= Beginning of Section =

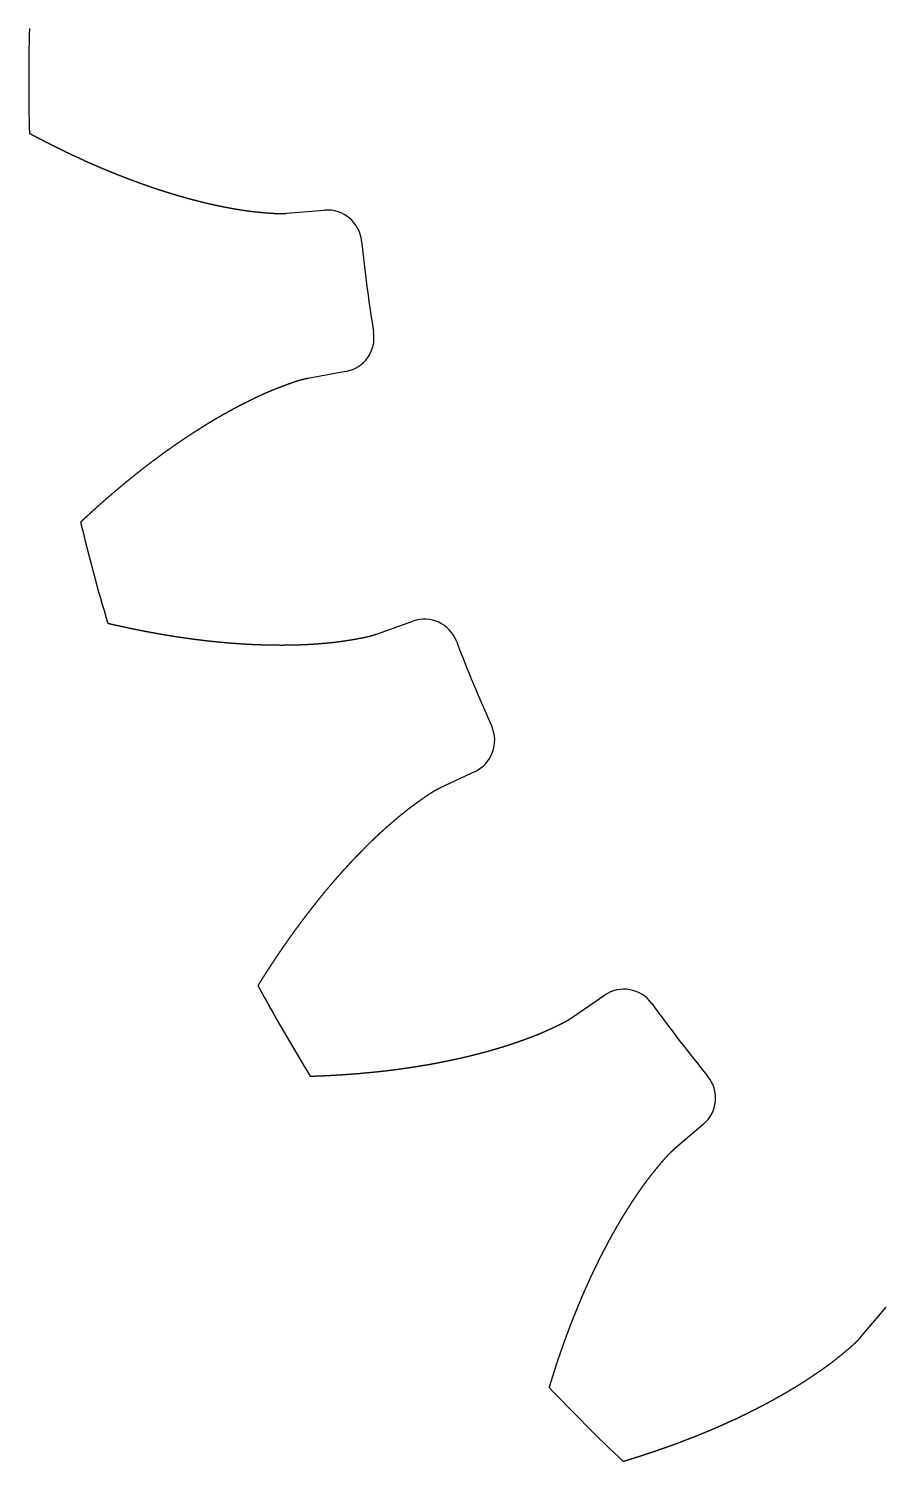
# Model space of a CAD drawing. Header units: millimetres. Extents: x -95.5 to -4.7, y -19.2 to 49.8.
# Drawn here: x -69.68 to -55.02, y -10.27 to 14.23 of the extents above; entities that cross this region are included whole.
import ezdxf

# ---------------------------------------------------------------- set-up
doc = ezdxf.new("R2010")
doc.units = ezdxf.units.MM
doc.layers.get('0').update_dxf_attribs({"linetype": 'CONTINUOUS'})

msp = doc.modelspace()

# ---------------------------------------------------------------- linework, layer by layer
for p, q in [((-65.283, 11.069, 0), (-64.625, 11.122)), ((-65.283, 11.069), (-64.625, 11.122)), ((-64.262, 8.365, 0), (-64.911, 8.245)), ((-64.262, 8.365), (-64.911, 8.245)), ((-63.74, 3.874, 0), (-63.118, 4.095)), ((-63.74, 3.874), (-63.118, 4.095)), ((-62.054, 1.525, 0), (-62.65, 1.242)), ((-62.054, 1.525), (-62.65, 1.242)), ((-60.387, -2.677, 0), (-59.843, -2.303)), ((-60.387, -2.677), (-59.843, -2.303)), ((-58.15, -4.509, 0), (-58.653, -4.937)), ((-58.15, -4.509), (-58.653, -4.937)), ((-55.453, -8.137, 0), (-55.025, -7.635)), ((-55.453, -8.137), (-55.025, -7.635))]:
    msp.add_line(p, q)
for centre, radius, start, end in [((-37.183, 13.332, 0), 32.5, 178.4232, 181.5768), ((-37.183, 13.332), 32.5, 178.4232, 181.5768), ((-64.578, 10.536, 0), 0.588, 5.8284, 94.5673), ((-64.578, 10.536), 0.588, 5.8284, 94.5673), ((-37.183, 13.332, 0), 26.949, 185.8284, 189.1716), ((-37.183, 13.332), 26.949, 185.8284, 189.1716), ((-64.369, 8.943, 0), 0.588, -79.5673, 9.1716), ((-64.369, 8.943), 0.588, -79.5673, 9.1716), ((-37.183, 13.332, 0), 32.5, 193.4232, 196.5768), ((-37.183, 13.332), 32.5, 193.4232, 196.5768), ((-62.921, 3.541, 0), 0.588, 20.8284, 109.5673), ((-62.921, 3.541), 0.588, 20.8284, 109.5673), ((-37.183, 13.332, 0), 26.949, 200.8284, 204.1716), ((-37.183, 13.332), 26.949, 200.8284, 204.1716), ((-62.306, 2.056, 0), 0.588, -64.5673, 24.1716), ((-62.306, 2.056), 0.588, -64.5673, 24.1716), ((-37.183, 13.332, 0), 32.5, 208.4232, 211.5768), ((-37.183, 13.332), 32.5, 208.4232, 211.5768), ((-59.51, -2.787, 0), 0.588, 35.8284, 124.5673), ((-59.51, -2.787), 0.588, 35.8284, 124.5673), ((-37.183, 13.332, 0), 26.949, 215.8284, 219.1716), ((-37.183, 13.332), 26.949, 215.8284, 219.1716), ((-58.532, -4.062, 0), 0.588, -49.5673, 39.1716), ((-58.532, -4.062), 0.588, -49.5673, 39.1716), ((-37.183, 13.332, 0), 32.5, 223.4232, 226.5768), ((-37.183, 13.332), 32.5, 223.4232, 226.5768)]:
    msp.add_arc(centre, radius, start, end)
for points in [[(-69.671, 12.438, 0), (-69.659, 12.431, 0), (-69.634, 12.418, 0), (-69.598, 12.399, 0), (-69.549, 12.373, 0), (-69.488, 12.341, 0), (-69.426, 12.309, 0), (-69.365, 12.277, 0), (-69.304, 12.246, 0), (-69.242, 12.216, 0), (-69.181, 12.185, 0), (-69.119, 12.155, 0), (-69.057, 12.125, 0), (-68.996, 12.095, 0), (-68.934, 12.066, 0), (-68.872, 12.037, 0), (-68.81, 12.009, 0), (-68.748, 11.98, 0), (-68.686, 11.952, 0), (-68.624, 11.925, 0), (-68.562, 11.898, 0), (-68.5, 11.871, 0), (-68.438, 11.844, 0), (-68.375, 11.818, 0), (-68.313, 11.792, 0), (-68.251, 11.766, 0), (-68.188, 11.741, 0), (-68.126, 11.716, 0), (-68.063, 11.692, 0), (-68.001, 11.668, 0), (-67.938, 11.644, 0), (-67.876, 11.621, 0), (-67.813, 11.598, 0), (-67.75, 11.575, 0), (-67.687, 11.553, 0), (-67.625, 11.531, 0), (-67.562, 11.509, 0), (-67.499, 11.488, 0), (-67.436, 11.468, 0), (-67.373, 11.447, 0), (-67.31, 11.428, 0), (-67.247, 11.408, 0), (-67.184, 11.389, 0), (-67.121, 11.37, 0), (-67.057, 11.352, 0), (-66.994, 11.334, 0), (-66.931, 11.317, 0), (-66.868, 11.3, 0), (-66.805, 11.284, 0), (-66.741, 11.268, 0), (-66.678, 11.252, 0), (-66.615, 11.237, 0), (-66.551, 11.223, 0), (-66.488, 11.209, 0), (-66.425, 11.196, 0), (-66.361, 11.183, 0), (-66.298, 11.17, 0), (-66.234, 11.158, 0), (-66.171, 11.147, 0), (-66.107, 11.136, 0), (-66.044, 11.126, 0), (-65.98, 11.116, 0), (-65.917, 11.108, 0), (-65.853, 11.1, 0), (-65.79, 11.093, 0), (-65.727, 11.087, 0), (-65.663, 11.081, 0), (-65.6, 11.076, 0), (-65.536, 11.071, 0), (-65.473, 11.067, 0), (-65.41, 11.065, 0), (-65.359, 11.065, 0), (-65.321, 11.067, 0), (-65.296, 11.068, 0), (-65.283, 11.069, 0)], [(-69.671, 12.438), (-69.659, 12.431), (-69.634, 12.418), (-69.598, 12.399), (-69.549, 12.373), (-69.488, 12.341), (-69.426, 12.309), (-69.365, 12.277), (-69.304, 12.246), (-69.242, 12.216), (-69.181, 12.185), (-69.119, 12.155), (-69.057, 12.125), (-68.996, 12.095), (-68.934, 12.066), (-68.872, 12.037), (-68.81, 12.009), (-68.748, 11.98), (-68.686, 11.952), (-68.624, 11.925), (-68.562, 11.898), (-68.5, 11.871), (-68.438, 11.844), (-68.375, 11.818), (-68.313, 11.792), (-68.251, 11.766), (-68.188, 11.741), (-68.126, 11.716), (-68.063, 11.692), (-68.001, 11.668), (-67.938, 11.644), (-67.876, 11.621), (-67.813, 11.598), (-67.75, 11.575), (-67.687, 11.553), (-67.625, 11.531), (-67.562, 11.509), (-67.499, 11.488), (-67.436, 11.468), (-67.373, 11.447), (-67.31, 11.428), (-67.247, 11.408), (-67.184, 11.389), (-67.121, 11.37), (-67.057, 11.352), (-66.994, 11.334), (-66.931, 11.317), (-66.868, 11.3), (-66.805, 11.284), (-66.741, 11.268), (-66.678, 11.252), (-66.615, 11.237), (-66.551, 11.223), (-66.488, 11.209), (-66.425, 11.196), (-66.361, 11.183), (-66.298, 11.17), (-66.234, 11.158), (-66.171, 11.147), (-66.107, 11.136), (-66.044, 11.126), (-65.98, 11.116), (-65.917, 11.108), (-65.853, 11.1), (-65.79, 11.093), (-65.727, 11.087), (-65.663, 11.081), (-65.6, 11.076), (-65.536, 11.071), (-65.473, 11.067), (-65.41, 11.065), (-65.359, 11.065), (-65.321, 11.067), (-65.296, 11.068), (-65.283, 11.069)], [(-64.911, 8.245, 0), (-64.924, 8.243, 0), (-64.949, 8.238, 0), (-64.986, 8.23, 0), (-65.035, 8.217, 0), (-65.095, 8.199, 0), (-65.156, 8.178, 0), (-65.215, 8.157, 0), (-65.275, 8.136, 0), (-65.335, 8.113, 0), (-65.395, 8.091, 0), (-65.454, 8.068, 0), (-65.514, 8.044, 0), (-65.573, 8.019, 0), (-65.632, 7.994, 0), (-65.69, 7.967, 0), (-65.749, 7.941, 0), (-65.807, 7.913, 0), (-65.865, 7.885, 0), (-65.923, 7.857, 0), (-65.981, 7.828, 0), (-66.039, 7.798, 0), (-66.097, 7.769, 0), (-66.154, 7.738, 0), (-66.211, 7.707, 0), (-66.268, 7.676, 0), (-66.325, 7.644, 0), (-66.382, 7.612, 0), (-66.439, 7.579, 0), (-66.496, 7.546, 0), (-66.552, 7.513, 0), (-66.608, 7.479, 0), (-66.664, 7.444, 0), (-66.72, 7.41, 0), (-66.776, 7.375, 0), (-66.832, 7.339, 0), (-66.888, 7.303, 0), (-66.943, 7.267, 0), (-66.998, 7.23, 0), (-67.053, 7.193, 0), (-67.108, 7.156, 0), (-67.163, 7.118, 0), (-67.218, 7.08, 0), (-67.273, 7.042, 0), (-67.327, 7.003, 0), (-67.382, 6.964, 0), (-67.436, 6.924, 0), (-67.49, 6.884, 0), (-67.544, 6.844, 0), (-67.597, 6.804, 0), (-67.651, 6.763, 0), (-67.705, 6.722, 0), (-67.758, 6.68, 0), (-67.811, 6.639, 0), (-67.864, 6.596, 0), (-67.917, 6.554, 0), (-67.97, 6.511, 0), (-68.023, 6.468, 0), (-68.075, 6.425, 0), (-68.127, 6.381, 0), (-68.18, 6.337, 0), (-68.232, 6.293, 0), (-68.284, 6.249, 0), (-68.336, 6.204, 0), (-68.387, 6.159, 0), (-68.439, 6.113, 0), (-68.49, 6.068, 0), (-68.541, 6.022, 0), (-68.593, 5.975, 0), (-68.644, 5.929, 0), (-68.694, 5.882, 0), (-68.735, 5.844, 0), (-68.765, 5.816, 0), (-68.785, 5.797, 0), (-68.796, 5.788, 0)], [(-64.911, 8.245), (-64.924, 8.243), (-64.949, 8.238), (-64.986, 8.23), (-65.035, 8.217), (-65.095, 8.199), (-65.156, 8.178), (-65.215, 8.157), (-65.275, 8.136), (-65.335, 8.113), (-65.395, 8.091), (-65.454, 8.068), (-65.514, 8.044), (-65.573, 8.019), (-65.632, 7.994), (-65.69, 7.967), (-65.749, 7.941), (-65.807, 7.913), (-65.865, 7.885), (-65.923, 7.857), (-65.981, 7.828), (-66.039, 7.798), (-66.097, 7.769), (-66.154, 7.738), (-66.211, 7.707), (-66.268, 7.676), (-66.325, 7.644), (-66.382, 7.612), (-66.439, 7.579), (-66.496, 7.546), (-66.552, 7.513), (-66.608, 7.479), (-66.664, 7.444), (-66.72, 7.41), (-66.776, 7.375), (-66.832, 7.339), (-66.888, 7.303), (-66.943, 7.267), (-66.998, 7.23), (-67.053, 7.193), (-67.108, 7.156), (-67.163, 7.118), (-67.218, 7.08), (-67.273, 7.042), (-67.327, 7.003), (-67.382, 6.964), (-67.436, 6.924), (-67.49, 6.884), (-67.544, 6.844), (-67.597, 6.804), (-67.651, 6.763), (-67.705, 6.722), (-67.758, 6.68), (-67.811, 6.639), (-67.864, 6.596), (-67.917, 6.554), (-67.97, 6.511), (-68.023, 6.468), (-68.075, 6.425), (-68.127, 6.381), (-68.18, 6.337), (-68.232, 6.293), (-68.284, 6.249), (-68.336, 6.204), (-68.387, 6.159), (-68.439, 6.113), (-68.49, 6.068), (-68.541, 6.022), (-68.593, 5.975), (-68.644, 5.929), (-68.694, 5.882), (-68.735, 5.844), (-68.765, 5.816), (-68.785, 5.797), (-68.796, 5.788)], [(-68.333, 4.06, 0), (-68.319, 4.057, 0), (-68.292, 4.05, 0), (-68.252, 4.041, 0), (-68.198, 4.029, 0), (-68.13, 4.013, 0), (-68.063, 3.999, 0), (-67.996, 3.984, 0), (-67.928, 3.97, 0), (-67.861, 3.956, 0), (-67.793, 3.943, 0), (-67.726, 3.929, 0), (-67.659, 3.916, 0), (-67.592, 3.904, 0), (-67.524, 3.892, 0), (-67.457, 3.88, 0), (-67.39, 3.868, 0), (-67.323, 3.857, 0), (-67.256, 3.846, 0), (-67.189, 3.835, 0), (-67.122, 3.825, 0), (-67.055, 3.815, 0), (-66.988, 3.806, 0), (-66.921, 3.796, 0), (-66.854, 3.787, 0), (-66.787, 3.779, 0), (-66.72, 3.771, 0), (-66.653, 3.763, 0), (-66.587, 3.755, 0), (-66.52, 3.748, 0), (-66.453, 3.742, 0), (-66.387, 3.735, 0), (-66.32, 3.729, 0), (-66.254, 3.724, 0), (-66.187, 3.718, 0), (-66.121, 3.714, 0), (-66.055, 3.709, 0), (-65.989, 3.705, 0), (-65.922, 3.701, 0), (-65.856, 3.698, 0), (-65.79, 3.695, 0), (-65.724, 3.693, 0), (-65.659, 3.691, 0), (-65.593, 3.689, 0), (-65.527, 3.688, 0), (-65.461, 3.687, 0), (-65.396, 3.687, 0), (-65.33, 3.687, 0), (-65.265, 3.687, 0), (-65.2, 3.688, 0), (-65.135, 3.689, 0), (-65.07, 3.691, 0), (-65.005, 3.694, 0), (-64.94, 3.697, 0), (-64.875, 3.7, 0), (-64.811, 3.704, 0), (-64.746, 3.709, 0), (-64.682, 3.714, 0), (-64.617, 3.719, 0), (-64.553, 3.725, 0), (-64.489, 3.731, 0), (-64.426, 3.739, 0), (-64.362, 3.747, 0), (-64.299, 3.756, 0), (-64.236, 3.766, 0), (-64.173, 3.776, 0), (-64.11, 3.787, 0), (-64.047, 3.798, 0), (-63.985, 3.809, 0), (-63.923, 3.822, 0), (-63.861, 3.836, 0), (-63.812, 3.85, 0), (-63.776, 3.861, 0), (-63.752, 3.869, 0), (-63.74, 3.874, 0)], [(-68.333, 4.06), (-68.319, 4.057), (-68.292, 4.05), (-68.252, 4.041), (-68.198, 4.029), (-68.13, 4.013), (-68.063, 3.999), (-67.996, 3.984), (-67.928, 3.97), (-67.861, 3.956), (-67.793, 3.943), (-67.726, 3.929), (-67.659, 3.916), (-67.592, 3.904), (-67.524, 3.892), (-67.457, 3.88), (-67.39, 3.868), (-67.323, 3.857), (-67.256, 3.846), (-67.189, 3.835), (-67.122, 3.825), (-67.055, 3.815), (-66.988, 3.806), (-66.921, 3.796), (-66.854, 3.787), (-66.787, 3.779), (-66.72, 3.771), (-66.653, 3.763), (-66.587, 3.755), (-66.52, 3.748), (-66.453, 3.742), (-66.387, 3.735), (-66.32, 3.729), (-66.254, 3.724), (-66.187, 3.718), (-66.121, 3.714), (-66.055, 3.709), (-65.989, 3.705), (-65.922, 3.701), (-65.856, 3.698), (-65.79, 3.695), (-65.724, 3.693), (-65.659, 3.691), (-65.593, 3.689), (-65.527, 3.688), (-65.461, 3.687), (-65.396, 3.687), (-65.33, 3.687), (-65.265, 3.687), (-65.2, 3.688), (-65.135, 3.689), (-65.07, 3.691), (-65.005, 3.694), (-64.94, 3.697), (-64.875, 3.7), (-64.811, 3.704), (-64.746, 3.709), (-64.682, 3.714), (-64.617, 3.719), (-64.553, 3.725), (-64.489, 3.731), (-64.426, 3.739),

= End of Section =

(THE PROBLEM): Look over the entries for "ezdxf", then copy every line that includes that string.

(YOUR RESPONSE):
import ezdxf
doc = ezdxf.new("R2010")
doc.units = ezdxf.units.MM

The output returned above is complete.